**Assigned task**: Your task is to repeat exactly the lines below between the line holding "#14089 = LINE ( 'NONE', #13217, #31794 ) ;" and the line holding "#19026 = CARTESIAN_POINT", inclusive, and only those.
##### Material shown #####
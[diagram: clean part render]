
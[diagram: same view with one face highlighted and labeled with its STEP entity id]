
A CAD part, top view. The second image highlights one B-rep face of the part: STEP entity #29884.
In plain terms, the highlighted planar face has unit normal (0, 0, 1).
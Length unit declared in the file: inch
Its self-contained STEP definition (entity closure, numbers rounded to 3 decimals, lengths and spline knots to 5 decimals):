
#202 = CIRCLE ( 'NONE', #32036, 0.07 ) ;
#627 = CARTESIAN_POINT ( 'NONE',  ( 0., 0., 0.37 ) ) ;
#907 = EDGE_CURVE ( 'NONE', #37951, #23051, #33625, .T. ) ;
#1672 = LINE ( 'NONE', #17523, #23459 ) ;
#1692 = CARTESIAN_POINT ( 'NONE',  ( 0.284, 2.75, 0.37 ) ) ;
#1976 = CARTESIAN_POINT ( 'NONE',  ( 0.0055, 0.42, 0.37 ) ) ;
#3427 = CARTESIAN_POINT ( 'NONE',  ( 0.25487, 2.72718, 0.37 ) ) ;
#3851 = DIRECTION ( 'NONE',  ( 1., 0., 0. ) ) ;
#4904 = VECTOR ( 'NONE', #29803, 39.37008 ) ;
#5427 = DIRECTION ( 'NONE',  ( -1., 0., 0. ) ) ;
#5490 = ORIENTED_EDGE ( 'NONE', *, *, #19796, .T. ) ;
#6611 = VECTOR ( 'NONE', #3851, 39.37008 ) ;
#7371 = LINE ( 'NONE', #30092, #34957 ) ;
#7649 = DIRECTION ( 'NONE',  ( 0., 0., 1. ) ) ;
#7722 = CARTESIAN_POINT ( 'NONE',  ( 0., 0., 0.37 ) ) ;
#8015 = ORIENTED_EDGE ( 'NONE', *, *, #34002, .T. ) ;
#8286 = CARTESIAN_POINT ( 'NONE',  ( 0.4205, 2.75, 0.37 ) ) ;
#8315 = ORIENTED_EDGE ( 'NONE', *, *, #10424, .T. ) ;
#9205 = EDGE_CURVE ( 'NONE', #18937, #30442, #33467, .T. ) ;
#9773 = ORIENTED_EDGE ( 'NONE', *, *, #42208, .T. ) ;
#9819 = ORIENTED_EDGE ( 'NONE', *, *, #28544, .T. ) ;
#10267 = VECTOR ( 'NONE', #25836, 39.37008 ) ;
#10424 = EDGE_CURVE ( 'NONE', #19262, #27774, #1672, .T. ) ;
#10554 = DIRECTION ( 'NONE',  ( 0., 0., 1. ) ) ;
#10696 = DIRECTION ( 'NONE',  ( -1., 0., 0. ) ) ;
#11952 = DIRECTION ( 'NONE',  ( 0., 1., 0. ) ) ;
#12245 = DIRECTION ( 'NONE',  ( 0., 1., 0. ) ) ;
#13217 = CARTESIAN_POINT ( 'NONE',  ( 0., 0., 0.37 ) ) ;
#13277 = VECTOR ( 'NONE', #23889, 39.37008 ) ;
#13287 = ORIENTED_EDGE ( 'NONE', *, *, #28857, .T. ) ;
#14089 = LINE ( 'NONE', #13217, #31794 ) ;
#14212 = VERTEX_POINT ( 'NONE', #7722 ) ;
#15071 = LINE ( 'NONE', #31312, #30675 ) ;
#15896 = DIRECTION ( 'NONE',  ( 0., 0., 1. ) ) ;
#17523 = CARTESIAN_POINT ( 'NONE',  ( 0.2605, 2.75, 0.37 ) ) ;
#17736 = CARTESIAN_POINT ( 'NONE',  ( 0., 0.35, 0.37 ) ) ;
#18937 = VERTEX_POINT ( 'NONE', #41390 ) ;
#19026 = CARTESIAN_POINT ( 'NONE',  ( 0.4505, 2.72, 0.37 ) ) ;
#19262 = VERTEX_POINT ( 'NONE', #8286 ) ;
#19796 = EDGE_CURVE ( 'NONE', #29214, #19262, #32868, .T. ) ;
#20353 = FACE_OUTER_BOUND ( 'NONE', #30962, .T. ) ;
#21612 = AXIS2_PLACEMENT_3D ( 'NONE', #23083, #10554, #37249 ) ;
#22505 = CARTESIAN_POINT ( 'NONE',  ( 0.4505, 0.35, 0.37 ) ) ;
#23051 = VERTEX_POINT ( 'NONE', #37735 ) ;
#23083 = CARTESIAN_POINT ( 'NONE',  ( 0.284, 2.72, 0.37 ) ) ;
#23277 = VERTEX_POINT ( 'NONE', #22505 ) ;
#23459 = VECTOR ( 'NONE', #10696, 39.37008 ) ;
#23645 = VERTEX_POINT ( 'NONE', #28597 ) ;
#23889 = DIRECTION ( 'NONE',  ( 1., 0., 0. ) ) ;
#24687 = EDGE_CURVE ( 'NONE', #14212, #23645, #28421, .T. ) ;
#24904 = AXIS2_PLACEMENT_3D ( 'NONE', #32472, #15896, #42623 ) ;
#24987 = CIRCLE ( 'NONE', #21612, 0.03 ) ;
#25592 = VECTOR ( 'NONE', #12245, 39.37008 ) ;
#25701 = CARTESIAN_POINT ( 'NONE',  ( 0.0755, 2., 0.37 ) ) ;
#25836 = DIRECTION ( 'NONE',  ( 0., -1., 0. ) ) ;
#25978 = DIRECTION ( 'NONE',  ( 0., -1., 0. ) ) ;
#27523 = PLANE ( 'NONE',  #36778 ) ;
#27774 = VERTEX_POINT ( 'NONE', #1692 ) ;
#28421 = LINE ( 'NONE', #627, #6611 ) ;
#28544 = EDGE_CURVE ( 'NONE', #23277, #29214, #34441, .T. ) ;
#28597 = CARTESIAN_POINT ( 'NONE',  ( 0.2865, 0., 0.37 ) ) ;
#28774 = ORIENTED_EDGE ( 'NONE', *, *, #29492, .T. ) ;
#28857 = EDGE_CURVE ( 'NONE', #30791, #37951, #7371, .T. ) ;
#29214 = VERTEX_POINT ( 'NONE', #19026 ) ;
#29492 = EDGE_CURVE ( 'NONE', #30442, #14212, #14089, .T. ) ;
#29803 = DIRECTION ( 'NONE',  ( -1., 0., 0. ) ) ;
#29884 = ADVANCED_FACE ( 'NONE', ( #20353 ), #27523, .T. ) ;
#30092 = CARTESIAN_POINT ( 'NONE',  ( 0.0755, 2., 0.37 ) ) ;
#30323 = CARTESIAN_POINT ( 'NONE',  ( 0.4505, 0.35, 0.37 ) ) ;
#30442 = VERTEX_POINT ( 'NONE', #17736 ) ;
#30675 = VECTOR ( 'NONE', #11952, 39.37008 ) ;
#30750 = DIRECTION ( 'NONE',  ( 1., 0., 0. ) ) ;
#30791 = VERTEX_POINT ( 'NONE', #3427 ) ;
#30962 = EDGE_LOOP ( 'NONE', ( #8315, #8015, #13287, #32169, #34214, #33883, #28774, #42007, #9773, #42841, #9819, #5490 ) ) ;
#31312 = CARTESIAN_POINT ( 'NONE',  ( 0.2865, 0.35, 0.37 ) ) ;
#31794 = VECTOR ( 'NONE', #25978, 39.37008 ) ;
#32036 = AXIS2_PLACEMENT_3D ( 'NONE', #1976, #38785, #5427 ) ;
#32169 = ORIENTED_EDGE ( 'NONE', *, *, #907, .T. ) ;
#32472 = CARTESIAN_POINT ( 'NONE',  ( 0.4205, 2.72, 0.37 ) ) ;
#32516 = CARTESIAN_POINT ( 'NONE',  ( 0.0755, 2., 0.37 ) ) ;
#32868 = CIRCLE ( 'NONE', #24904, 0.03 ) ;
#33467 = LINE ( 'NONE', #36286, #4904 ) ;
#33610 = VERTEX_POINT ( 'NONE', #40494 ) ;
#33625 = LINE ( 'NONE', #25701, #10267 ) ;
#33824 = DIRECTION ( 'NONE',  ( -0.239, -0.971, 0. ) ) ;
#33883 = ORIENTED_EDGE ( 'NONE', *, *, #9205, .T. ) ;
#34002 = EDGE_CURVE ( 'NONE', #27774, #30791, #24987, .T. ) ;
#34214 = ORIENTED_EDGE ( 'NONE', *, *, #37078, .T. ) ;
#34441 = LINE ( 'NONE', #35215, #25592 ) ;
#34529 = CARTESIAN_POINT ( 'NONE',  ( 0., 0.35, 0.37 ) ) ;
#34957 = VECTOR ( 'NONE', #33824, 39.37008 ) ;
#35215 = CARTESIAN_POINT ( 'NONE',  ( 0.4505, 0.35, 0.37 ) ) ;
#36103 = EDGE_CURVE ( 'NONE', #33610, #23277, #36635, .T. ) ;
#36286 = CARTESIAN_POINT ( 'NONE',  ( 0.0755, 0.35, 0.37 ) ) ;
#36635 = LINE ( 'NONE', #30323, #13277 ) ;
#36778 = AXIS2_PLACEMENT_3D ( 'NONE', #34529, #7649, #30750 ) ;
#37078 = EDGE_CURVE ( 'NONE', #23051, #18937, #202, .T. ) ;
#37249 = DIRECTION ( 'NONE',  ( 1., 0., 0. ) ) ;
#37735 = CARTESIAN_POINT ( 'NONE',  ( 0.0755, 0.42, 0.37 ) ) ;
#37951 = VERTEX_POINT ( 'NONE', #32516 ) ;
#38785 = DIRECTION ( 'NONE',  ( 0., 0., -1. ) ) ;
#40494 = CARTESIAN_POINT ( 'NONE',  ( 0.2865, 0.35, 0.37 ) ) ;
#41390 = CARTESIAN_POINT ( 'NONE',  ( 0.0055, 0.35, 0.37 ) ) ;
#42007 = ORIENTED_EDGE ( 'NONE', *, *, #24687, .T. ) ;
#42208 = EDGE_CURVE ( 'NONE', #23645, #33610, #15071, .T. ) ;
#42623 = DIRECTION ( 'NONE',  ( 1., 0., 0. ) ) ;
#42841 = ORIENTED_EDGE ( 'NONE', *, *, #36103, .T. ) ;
#####
**Your solution**:
#14089 = LINE ( 'NONE', #13217, #31794 ) ;
#14212 = VERTEX_POINT ( 'NONE', #7722 ) ;
#15071 = LINE ( 'NONE', #31312, #30675 ) ;
#15896 = DIRECTION ( 'NONE',  ( 0., 0., 1. ) ) ;
#17523 = CARTESIAN_POINT ( 'NONE',  ( 0.2605, 2.75, 0.37 ) ) ;
#17736 = CARTESIAN_POINT ( 'NONE',  ( 0., 0.35, 0.37 ) ) ;
#18937 = VERTEX_POINT ( 'NONE', #41390 ) ;
#19026 = CARTESIAN_POINT ( 'NONE',  ( 0.4505, 2.72, 0.37 ) ) ;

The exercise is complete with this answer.